By 15, Leonard had a weekend job selling popcorn at a theatre in Kansas City. The Charleston craze was sweeping the United States, and he learned how to dance it by copying the performers on stage.

Soon Reed was good enough to win local Charleston contests and spent the summer of 1922 as the barker for a black "tent show", or travelling revue.

He began to work for the likes of Travis Tucker in his holidays and then, at 18, while in New York visiting his prospective university, Cornell, entered and won a Charleston competition for whites. The victory proved to be his passport to the white theatres as well.

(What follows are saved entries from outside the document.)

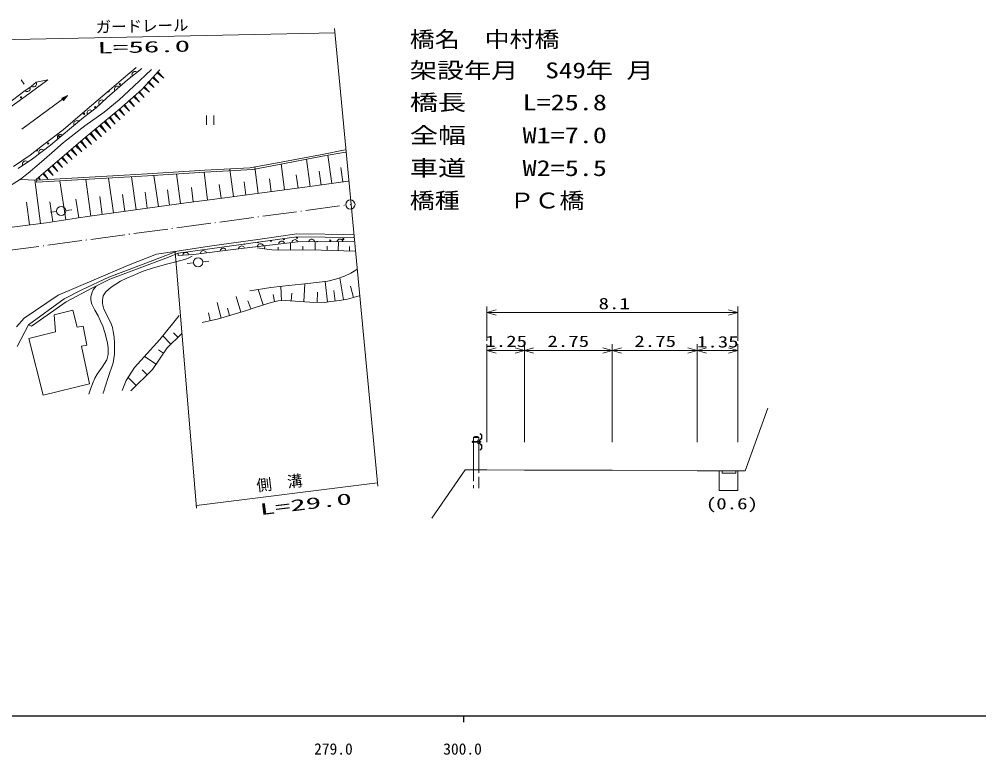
# Model space of a CAD drawing. Units: millimetres, scale not verified. Extents: x 34864 to 674864, y -75440 to 284560.
# Drawn here: x 291133 to 446056, y 103275 to 222063 of the extents above; entities that cross this region are included whole.
import ezdxf
from ezdxf.enums import TextEntityAlignment as Align

# ---------------------------------------------------------------- set-up
doc = ezdxf.new("R2010")
doc.units = ezdxf.units.MM
doc.header["$LTSCALE"] = 1000
for name, pattern in [('USER1', [3, 2.360656, -0.295082, 0.04918, -0.295082]), ('USER2', [2, 1.2, -0.8]), ('USER3', [2.5, 1.875, -0.625]), ('USER4', [7.000001, 5.508197, -0.688525, 0.114754, -0.688525])]:
    doc.linetypes.add(name, pattern=pattern)
for name, color, linetype, lineweight in [('M-TTL-BAND', 7, 'Continuous', 25), ('S-BGD', 1, 'Continuous', 13), ('S-BGD-CRST', 4, 'Continuous', 13), ('S-BGD-HTXT', 6, 'Continuous', 13), ('S-BMK', 3, 'USER4', 13)]:
    doc.layers.add(name, color=color, linetype=linetype, lineweight=lineweight)
doc.styles.add('ＭＳ ゴシック', font='')
doc.styles.get('ＭＳ ゴシック').set_extended_font_data('MS Gothic')

# ---------------------------------------------------------------- blocks, each defined once
blk = doc.blocks.new('BUHIN2')
at = {"layer": 'S-BGD'}
blk.add_circle((0, 0), 746, dxfattribs=at)
blk = doc.blocks.new('BUHIN5')
at = {"layer": 'S-BGD'}
for p, q in [((-578, 750), (-578, -750)), ((574, -750), (574, 750))]:
    blk.add_line(p, q, dxfattribs=at)
blk = doc.blocks.new('BUHIN31')
at = {"layer": 'S-BGD'}
blk.add_lwpolyline([(-500, -4), (-461, 112), (-402, 210), (-307, 320), (-198, 381), (-81, 417), (74, 418), (192, 384), (303, 325), (401, 215), (462, 118), (500, 4)], dxfattribs=at)
blk = doc.blocks.new('BUHIN33')
at = {"layer": 'S-BGD'}
blk.add_lwpolyline([(-496, -60), (-470, 59), (-422, 163), (-341, 284), (-239, 357), (-127, 405), (27, 424), (148, 403), (264, 357), (374, 259), (446, 169), (496, 60)], dxfattribs=at)
blk = doc.blocks.new('BUHIN35')
at = {"layer": 'S-BGD'}
blk.add_lwpolyline([(-496, -62), (-471, 57), (-423, 161), (-343, 282), (-241, 355), (-129, 405), (25, 424), (146, 404), (262, 358), (373, 261), (445, 172), (496, 62)], dxfattribs=at)
blk = doc.blocks.new('BUHIN158')
at = {"layer": 'S-BGD'}
for p, q in [((-303, 233), (-468, 425)), ((-448, 442), (-90, 25)), ((128, -190), (-428, 459)), ((-408, 476), (341, -397)), ((168, -156), (-389, 493)), ((-374, 506), (-16, 89)), ((-187, 332), (-352, 525))]:
    blk.add_line(p, q, dxfattribs=at)
blk.add_lwpolyline([(-500, 428), (423, -493), (-347, 559)], close=True, dxfattribs=at)
blk = doc.blocks.new('BUHIN159')
at = {"layer": 'S-BGD'}
for p, q in [((-326, 251), (-504, 458)), ((-482, 476), (-97, 27)), ((138, -204), (-461, 495)), ((-440, 513), (367, -428)), ((181, -168), (-419, 531)), ((-403, 545), (-17, 96)), ((-201, 358), (-379, 565))]:
    blk.add_line(p, q, dxfattribs=at)
blk.add_lwpolyline([(-538, 461), (456, -531), (-373, 602)], close=True, dxfattribs=at)
blk = doc.blocks.new('BUHIN160')
at = {"layer": 'S-BGD'}
for p, q in [((-345, 274), (-532, 498)), ((-509, 518), (-104, 31)), ((145, -221), (-486, 537)), ((-463, 556), (387, -464)), ((191, -182), (-440, 575)), ((-423, 590), (-17, 103)), ((-210, 387), (-397, 611))]:
    blk.add_line(p, q, dxfattribs=at)
blk.add_lwpolyline([(-569, 502), (480, -576), (-391, 651)], close=True, dxfattribs=at)
blk = doc.blocks.new('BUHIN162')
at = {"layer": 'S-BGD'}
for p, q in [((-322, 255), (-497, 465)), ((-475, 483), (-97, 29)), ((135, -206), (-454, 501)), ((-432, 519), (361, -433)), ((178, -170), (-411, 537)), ((-395, 550), (-16, 96)), ((-196, 361), (-371, 570))]:
    blk.add_line(p, q, dxfattribs=at)
blk.add_lwpolyline([(-531, 468), (448, -538), (-365, 607)], close=True, dxfattribs=at)
blk = doc.blocks.new('BUHIN164')
at = {"layer": 'S-BGD'}
for p, q in [((-306, 228), (-474, 418)), ((-454, 436), (-91, 24)), ((131, -188), (-435, 453)), ((-415, 470), (346, -392)), ((170, -153), (-396, 487)), ((-381, 500), (-18, 89)), ((-191, 330), (-359, 520))]:
    blk.add_line(p, q, dxfattribs=at)
blk.add_lwpolyline([(-506, 420), (430, -487), (-355, 554)], close=True, dxfattribs=at)
blk = doc.blocks.new('BUHIN167')
at = {"layer": 'S-BGD'}
for p, q in [((-328, 196), (-514, 368)), ((-497, 387), (-93, 15)), ((150, -173), (-479, 406)), ((-461, 425), (385, -354)), ((185, -135), (-444, 444)), ((-431, 458), (-27, 86)), ((-224, 308), (-411, 480))]:
    blk.add_line(p, q, dxfattribs=at)
blk.add_lwpolyline([(-546, 366), (478, -440), (-410, 514)], close=True, dxfattribs=at)
blk = doc.blocks.new('BUHIN170')
at = {"layer": 'S-BGD-CRST'}
blk.add_lwpolyline([(1500, -431), (0, 0), (1500, 428)], dxfattribs=at)
blk = doc.blocks.new('BUHIN171')
at = {"layer": 'S-BGD-CRST'}
blk.add_lwpolyline([(-1500, 431), (0, 0), (-1500, -428)], dxfattribs=at)
blk = doc.blocks.new('BUHIN173')
at = {"layer": 'S-BGD'}
blk.add_circle((0, 0), 22.5, dxfattribs=at)
at = {"layer": 'S-BMK', "linetype": 'Continuous'}
blk.add_circle((0, 0), 746, dxfattribs=at)

msp = doc.modelspace()

# ---------------------------------------------------------------- linework, layer by layer
at = {"layer": 'M-TTL-BAND'}
for p, q in [((34864, 109560), (573864, 109560)), ((362864, 109560), (362864, 108560))]:
    msp.add_line(p, q, dxfattribs=at)
at = {"layer": 'S-BGD'}
for p, q in [((307989, 212548), (310022, 214254)), ((310957, 214114), (308620, 212244)), ((312483, 213929), (309617, 211236)), ((313831, 213868), (310914, 210699)), ((295741, 212268), (292107, 209567)), ((293882, 211900), (295741, 212268)), ((305347, 210280), (307989, 212548)), ((313615, 213221), (313414, 213406)), ((313433, 213427), (313868, 213026)), ((314129, 212824), (313452, 213447)), ((313471, 213468), (314383, 212629)), ((314167, 212865), (313490, 213488)), ((313504, 213504), (313940, 213103)), ((313727, 213342), (313526, 213527)), ((291955, 211565), (291462, 212244)), ((291868, 210402), (293071, 211212)), ((293071, 211212), (293882, 211900)), ((308620, 212244), (305274, 209389)), ((309617, 211236), (307269, 209026)), ((310914, 210699), (307682, 207844)), ((311418, 210869), (311246, 211027)), ((311262, 211045), (311635, 210701)), ((311859, 210528), (311278, 211063)), ((311295, 211080), (312076, 210361)), ((311891, 210563), (311311, 211098)), ((311323, 211111), (311696, 210768)), ((311513, 210972), (311341, 211131)), ((292107, 209567), (288670, 207112)), ((289359, 208458), (291868, 210402)), ((291558, 204310), (298958, 209724)), ((301350, 206891), (305347, 210280)), ((305274, 209389), (303545, 207753)), ((310626, 210102), (310471, 210277)), ((310489, 210293), (310825, 209913)), ((311029, 209718), (310507, 210309)), ((310525, 210325), (311228, 209529)), ((311065, 209749), (310543, 210341)), ((310556, 210353), (310892, 209973)), ((310732, 210195), (310577, 210371)), ((307682, 207844), (301469, 202667)), ((303545, 207753), (301537, 206166)), ((307269, 209026), (304852, 207023)), ((298212, 204220), (301350, 206891)), ((301537, 206166), (299269, 204319)), ((304852, 207023), (301744, 204848)), ((307422, 207245), (307260, 207439)), ((307280, 207456), (307631, 207034)), ((307847, 206816), (307300, 207473)), ((307319, 207489), (308056, 206605)), ((307887, 206849), (307339, 207506)), ((307354, 207518), (307706, 207096)), ((307539, 207342), (307377, 207537)), ((301744, 204848), (298291, 202154)), ((294870, 201649), (298212, 204220)), ((299269, 204319), (296209, 201706)), ((303547, 203972), (303347, 204211)), ((303372, 204232), (303804, 203713)), ((304070, 203444), (303396, 204252)), ((303421, 204273), (304327, 203185)), ((304119, 203485), (303445, 204293)), ((303464, 204309), (303896, 203789)), ((303691, 204092), (303491, 204332)), ((292906, 200083), (294870, 201649)), ((296209, 201706), (293264, 199532)), ((301469, 202667), (293891, 196167)), ((298291, 202154), (296426, 200462)), ((290194, 198283), (292906, 200083)), ((296426, 200462), (294354, 198701)), ((340096, 199942), (332811, 198562)), ((332814, 198884), (340060, 200227)), ((340060, 200227), (343782, 200968)), ((343816, 200607), (340096, 199942)), ((341625, 195531), (340985, 200101)), ((293264, 199532), (290942, 197935)), ((294354, 198701), (292563, 197209)), ((328368, 198057), (332814, 198884)), ((332811, 198562), (328836, 197787)), ((333980, 194486), (333425, 198679)), ((338115, 195040), (337498, 199450)), ((292563, 197209), (291320, 196242)), ((295133, 196918), (294994, 197081)), ((295010, 197095), (295313, 196742)), ((295498, 196561), (295027, 197110)), ((295044, 197124), (295678, 196385)), ((295531, 196589), (295060, 197138)), ((295073, 197149), (295376, 196796)), ((295231, 197002), (295092, 197165)), ((311831, 196776), (306221, 196443)), ((306258, 196744), (311818, 197093)), ((311818, 197093), (321119, 197662)), ((321096, 197344), (311831, 196776)), ((313604, 191791), (312892, 196847)), ((317191, 192296), (316520, 197067)), ((321560, 192865), (320990, 197337)), ((328836, 197787), (321096, 197344)), ((321119, 197662), (328368, 198057)), ((325720, 193404), (325152, 197766)), ((329722, 193924), (329168, 198183)), ((336152, 194773), (335866, 196930)), ((339870, 195285), (339556, 197533)), ((343380, 195776), (343055, 198095)), ((291320, 196242), (288808, 194625)), ((291206, 196169), (293959, 196094)), ((294591, 189085), (293684, 196101)), ((306221, 196443), (293930, 195723)), ((293930, 195723), (293959, 196094)), ((293959, 196094), (306258, 196744)), ((294298, 196423), (294247, 196483)), ((294253, 196488), (294363, 196360)), ((294430, 196293), (294259, 196493)), ((294265, 196498), (294496, 196230)), ((294442, 196304), (294271, 196503)), ((294276, 196507), (294386, 196379)), ((294333, 196454), (294283, 196513)), ((298641, 189664), (297718, 195945)), ((302710, 190256), (301873, 196189)), ((306373, 190773), (305578, 196406)), ((310017, 191286), (309265, 196628)), ((323718, 193143), (323431, 195350)), ((327721, 193664), (327441, 195819)), ((331809, 194198), (331531, 196299)), ((344257, 195899), (337238, 194917)), ((308204, 191031), (307817, 193774)), ((311810, 191539), (311444, 194138)), ((315397, 192043), (315052, 194500)), ((319245, 192570), (318950, 194883)), ((330723, 194055), (322718, 193013)), ((337238, 194917), (330723, 194055)), ((292800, 188853), (292328, 192502)), ((296538, 189355), (296063, 192588)), ((300743, 189972), (300295, 193021)), ((304541, 190514), (304133, 193406)), ((318088, 192422), (309120, 191160)), ((322718, 193013), (318088, 192422)), ((297162, 191011), (296168, 190897)), ((298653, 191174), (299647, 191279)), ((309120, 191160), (301794, 190127)), ((295487, 189201), (288322, 188274)), ((301794, 190127), (295487, 189201)), ((330020, 186565), (321872, 185402)), ((321899, 185004), (330071, 186114)), ((335203, 185995), (328370, 185175)), ((335937, 187387), (330020, 186565)), ((330071, 186114), (335961, 186894)), ((334938, 184792), (334949, 185953)), ((336093, 186087), (335203, 185995)), ((345071, 187317), (335937, 187387)), ((335961, 186894), (345118, 186830)), ((345184, 186154), (336093, 186087)), ((338929, 184755), (338942, 186108)), ((342632, 184665), (342676, 186136)), ((313314, 184107), (316639, 184629)), ((316639, 184629), (313401, 183347)), ((321872, 185402), (316639, 184629)), ((316811, 184277), (321899, 185004)), ((325675, 184872), (319269, 184065)), ((328370, 185175), (325675, 184872)), ((331945, 184819), (329534, 185132)), ((330739, 184976), (330803, 185465)), ((339927, 184746), (331945, 184819)), ((332943, 184810), (332947, 185264)), ((336934, 184773), (336940, 185433)), ((345337, 184585), (339927, 184746)), ((340829, 184719), (340850, 185421)), ((344435, 184612), (344458, 185380)), ((305758, 180061), (315225, 183629)), ((308768, 182365), (313314, 184107)), ((313401, 183347), (310441, 182224)), ((315225, 183629), (316811, 184277)), ((316784, 183907), (316811, 184277)), ((319269, 184065), (316784, 183907)), ((320764, 182876), (321760, 182970)), ((303255, 179974), (308768, 182365)), ((310441, 182224), (305590, 180422)), ((319271, 182732), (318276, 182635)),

After the discovery of his racial origins, Reed turned to production and choreography. In 1934, he staged Rhythm Bound, with 40 singers, at the Harlem Opera House, and from the mid-Thirties worked in-house at the Cotton Club, arranging music and producing shows for Cab Calloway, Duke Ellington, Ethel Waters, Billie Holiday and the Nicholases.

In 1937, he was injured in a car accident and so was unfit for service during the Second World War, which he spent entertaining troops. He later wrote music for Lionel Hampton and Ella Fitzgerald, and then from 1950 until 1960 was the manager of the Apollo Theatre in Harlem, then greatly celebrated for its talent shows. Among those that Reed helped to unearth was Dinah Washington. During the 1960s, he choreographed dances for Motown stars.

For many years, Reed was also the manager of Joe Louis's personal appearances, and helped the boxer work up the nightclub comedy act for which he was also known.

Both Reed and Louis were good golf players, and Reed is credited with having become the first black player to have taken part in a PGA tournament when, in San Diego in the mid-1940s, he was accidentally given a tour card by an official who thought he was white. Tiger Woods recently praised Reed's many years of work against segregation in golf.

Leonard Reed lived in southern California, and until his late nineties continued to teach tap dancing.

He married, in 1951, Barbara De Costa.